In einleitenden Kapiteln wird mehrfach hingewiesen auf die Komplexität olfaktorischer Wirkungen. Verschiedene Anwendungsarten kommen zur Sprache, etwa auf der Haut, als Tee, in pharmazeutischen Zubereitungsformen zum Einnehmen. Die therapeutischen Anwendungskapitel eröffnet geschickt eine Übersicht zu jeder Standardtherapie, also etwa in Dermatologie, Kinderheilkunde, Kardiologie, Onkologie, Psychiatrie, Nephrologie etc. Ein einzelner Autor wie hier der Pneumologe Dr. Wolfgang Steflitsch von der österreichischen Gesellschaft für wissenschaftliche Aromatherapie wäre leicht überfordert, alle Bereiche kundig zu bearbeiten. So wurden diese Übersichten dem MSD-Manual entnommen (https://www.msdmanuals.com/de-de/profi/resourcespages/about-the-manuals), einem traditionell aufgebauten amerikanischen medizinischen Nachschlagewerk, das sich Umfassenheit und Unabhängigkeit verschrieben hat, dies aber verständlicherweise nicht an deutschen oder europäischen Leitlinien orientiert.

Der Bezug zum MSD-Manual bildet eine Grundlage für die nachfolgenden aromatherapeutischen Behandlungsempfehlungen, denen die Leserschaft auf Treu und Glauben folgen kann bzw. muss, denn für diese Behandlungs- und Anwendungsempfehlungen gilt überwiegend die Erfahrung als Leitlinie. Es fällt auf, dass die jeweiligen Krankheiten mit einer Vielzahl von Öl-Mischungen als Rezepturvorschläge inkl. Dosierungsanleitungen angegangen werden sollen, für deren therapeutische Wirksamkeit und pharmakologisches Profil trotz des großen technischen Informationsteils über ätherische Öle meist der klinische Beleg fehlt. Richtigerweise werden diese Indikationen als erfahrungsheilkundlich gekennzeichnet. Wenn wissenschaftliche Anwendungsergebnisse vorliegen, wird auch darauf hingewiesen. Sie fallen teilweise spärlich aus (z. B. Lumbago, Gelenk- und Muskelschmerzen), liegen aber für einzelne Anwendungen auch umfangreich vor, wie z. B. über antiinfektive Wirkungen von Ölen.

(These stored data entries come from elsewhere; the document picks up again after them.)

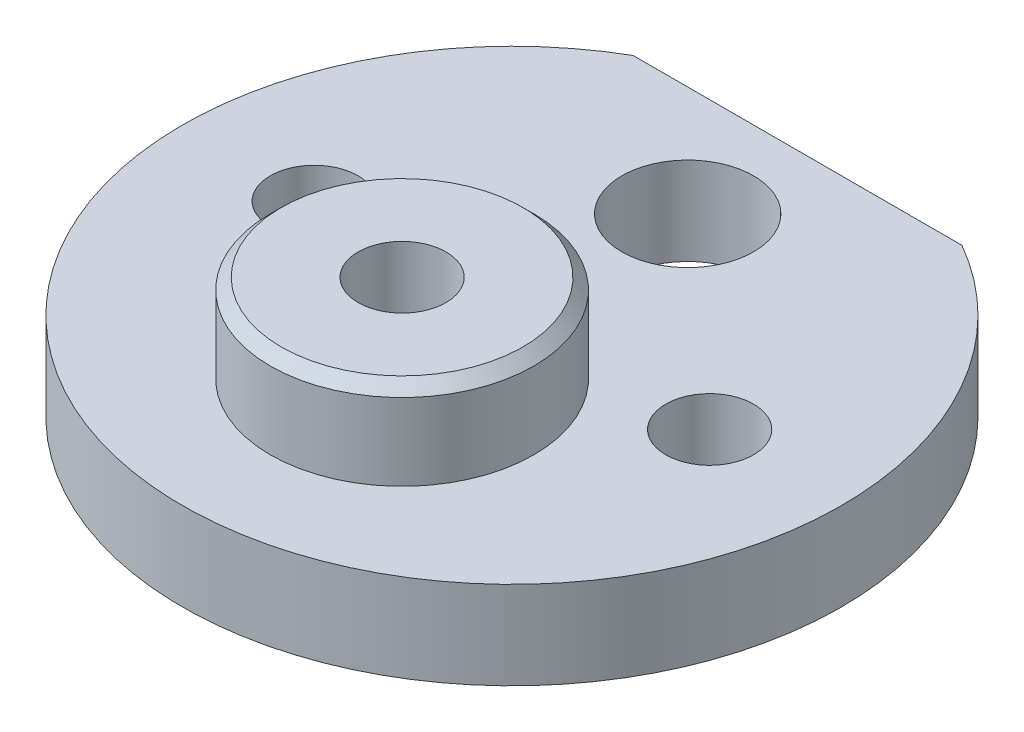
from build123d import *

# Parameters (mm, degrees)
BOSS_EXTRUDE1_DEPTH = 4
SKETCH2_R           = 3
SKETCH2_R_2         = 2
CUT_EXTRUDE1_DEPTH  = 22.587033145
SKETCH3_R           = 6
BOSS_EXTRUDE2_DEPTH = 4
SKETCH4_R           = 2
CUT_EXTRUDE2_DEPTH  = 23.671568098
CHAMFER1_SIZE       = 0.5


with BuildPart() as part:
    # Sketch1 → Boss-Extrude1 (new body)
    with BuildSketch(Plane(origin=(0, 0, 0), x_dir=(1, 0, 0), z_dir=(0, 1, 0))):
        with BuildLine():
            Line((-7.483314774, 13), (7.483314774, 13))
            ThreePointArc((7.483314774, 13), (0, -15), (-7.483314774, 13))
        make_face()
    extrude(amount=BOSS_EXTRUDE1_DEPTH)

    # Sketch2 → Cut-Extrude1 (cut, through all)
    with BuildSketch(Plane(origin=(0, 4, 0), x_dir=(1, 0, 0), z_dir=(0, 1, 0))):
        with Locations(Location((0, 8, 0), (0, 0, 270))):
            Circle(SKETCH2_R)
        with Locations(Location((-9, 0, 0), (0, 0, 270))):
            Circle(SKETCH2_R_2)
        with Locations(Location((9, 0, 0), (0, 0, 270))):
            Circle(SKETCH2_R_2)
    extrude(amount=-CUT_EXTRUDE1_DEPTH, mode=Mode.SUBTRACT)

    # Sketch3 → Boss-Extrude2 (add)
    with BuildSketch(Plane(origin=(0, 4, 0), x_dir=(1, 0, 0), z_dir=(0, 1, 0))):
        with Locations(Location((0, -5, 0), (0, 0, 270))):
            Circle(SKETCH3_R)
    extrude(amount=BOSS_EXTRUDE2_DEPTH)

    # Sketch4 → Cut-Extrude2 (cut, through all)
    with BuildSketch(Plane(origin=(0, 8, 0), x_dir=(1, 0, 0), z_dir=(0, 1, 0))):
        with Locations(Location((0, -5, 0), (0, 0, 270))):
            Circle(SKETCH4_R)
    extrude(amount=-CUT_EXTRUDE2_DEPTH, mode=Mode.SUBTRACT)

    # Chamfer1
    chamfer1_edges = [part.edges().sort_by_distance(p)[0] for p in [
        (0, 8, -1),
    ]]
    chamfer(chamfer1_edges, length=CHAMFER1_SIZE)


solid = part.part
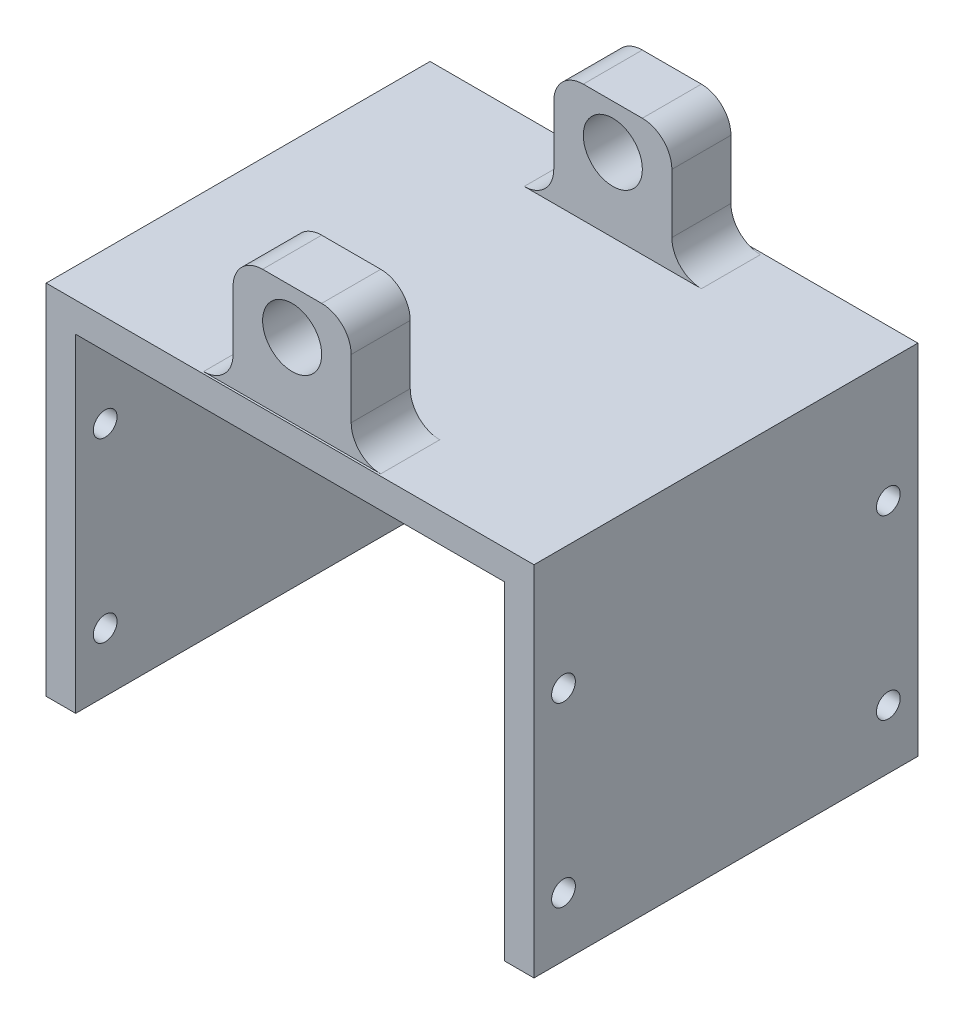
from build123d import *

# Parameters (mm, degrees)
SKETCH1_W                   = 25.4
SKETCH1_H                   = 25.4
SKETCH1_R                   = 6.35
BOSS_EXTRUDE1_DEPTH         = 82.55
FILLET1_R                   = 6.35
SKETCH3_W                   = 136.608571953
SKETCH3_H                   = 27.79521791
SKETCH3_H_2                 = 56.261
SKETCH3_H_3                 = 24.259466636
CUT_EXTRUDE3_DEPTH          = 31.75
TAP_DRILL_FOR_1_4_20_TAP1_D = 5.1054


with BuildPart() as part:
    # Sketch1 → Boss-Extrude1 (new body)
    # profile 1 of 2: a face of its own
    with BuildSketch(Plane.XY):
        with Locations((52.451, 89.662)):
            Rectangle(SKETCH1_W, SKETCH1_H)
        with Locations((52.451, 92.837)):
            Circle(SKETCH1_R, mode=Mode.SUBTRACT)
    # profile 2 of 2: a face of its own
    with BuildSketch(Plane.XY):
        Polygon((6.35, 70.612), (98.552, 70.612), (98.552, 0), (104.902, 0), (104.902, 76.962), (0, 76.962), (0, 0), (6.35, 0), align=None)
    extrude(amount=BOSS_EXTRUDE1_DEPTH)

    # Fillet1
    fillet1_edges = [part.edges().sort_by_distance(p)[0] for p in [
        (65.151, 76.962, 41.275),
        (39.751, 76.962, 41.275),
        (39.751, 102.362, 41.275),
        (65.151, 102.362, 41.275),
    ]]
    fillet(fillet1_edges, radius=FILLET1_R)

    # Sketch3 → Cut-Extrude3 (cut)
    with BuildSketch(Plane(origin=(0, 108.712, 0), x_dir=(1, 0, 0), z_dir=(0, 1, 0))):
        with Locations((56.578258919, 13.453108955)):
            Rectangle(SKETCH3_W, SKETCH3_H)
        with Locations((56.578258919, -41.275)):
            Rectangle(SKETCH3_W, SKETCH3_H_2)
        with Locations((56.578258919, -94.235233318)):
            Rectangle(SKETCH3_W, SKETCH3_H_3)
    extrude(amount=-CUT_EXTRUDE3_DEPTH, mode=Mode.SUBTRACT)

    # Tap Drill for 1/4-20 Tap1 (through all)
    with Locations(Plane.ZY):
        with Locations((6.35, 50.8), (6.35, 12.7), (76.2, 12.7), (76.2, 50.8)):
            Hole(TAP_DRILL_FOR_1_4_20_TAP1_D / 2)


solid = part.part

Der rechtliche Hintergrund stellt sich als ein schmaler Weg zwischen dem Arzneimittelgesetz (AMG) und Gesetzen und Verordnungen über Aromen, Chemikalien, Kosmetika und Lebensmittel dar. Welchem Rechtsrahmen welches Aromaöl-Produkt zugehört, bestimmt sich im Wesentlichen durch den Anwendungszweck. Jedes Produkt kann nur einer rechtlichen Kategorie angehören. Letztlich kommt der Apothekerin/dem Apotheker, die/der aromaölhaltige Produkte herstellt, die entscheidende Funktion im Vertrieb zu, wenn es sich um arzneiliche Anwendungen der Öle handelt. Hierfür sei eine Herstellungs- und Betriebserlaubnis des Bundeslandes erforderlich, schreibt der Apotheker Dietmar Wolz. Auch andere Vertriebswege sind möglich, z. B., wenn es sich um frei verkäufliche traditionelle pflanzliche Arzneimittel oder standardisierte Öle oder Ölgemische handelt. Ätherischöl-haltige Kosmetika sind ebenfalls frei verkäuflich, die gemäß der europäischen Kosmetik-Verordnung auf den Markt kommen. Bei allen therapeutischen Anwendungen ist die (pharmazeutische) Qualität nach dem Deutschen Arzneibuch bzw. Monografien zu beachten. Es werden im Buch entsprechende Hinweise zur Qualitätsbeurteilung durch die Anwendenden gegeben. Zu berücksichtigende Schädigungswirkungen durch Allergisierung und durch Zersetzungsprodukte werden beschrieben, auch, dass eine mögliche Pestizidbelastung mit vertretbarem Aufwand wegen der oft ähnlichen physikalischen und chemischen Eigenschaften von ätherischen Ölen und Insektiziden/Herbiziden nicht ausgeschlossen werden könne.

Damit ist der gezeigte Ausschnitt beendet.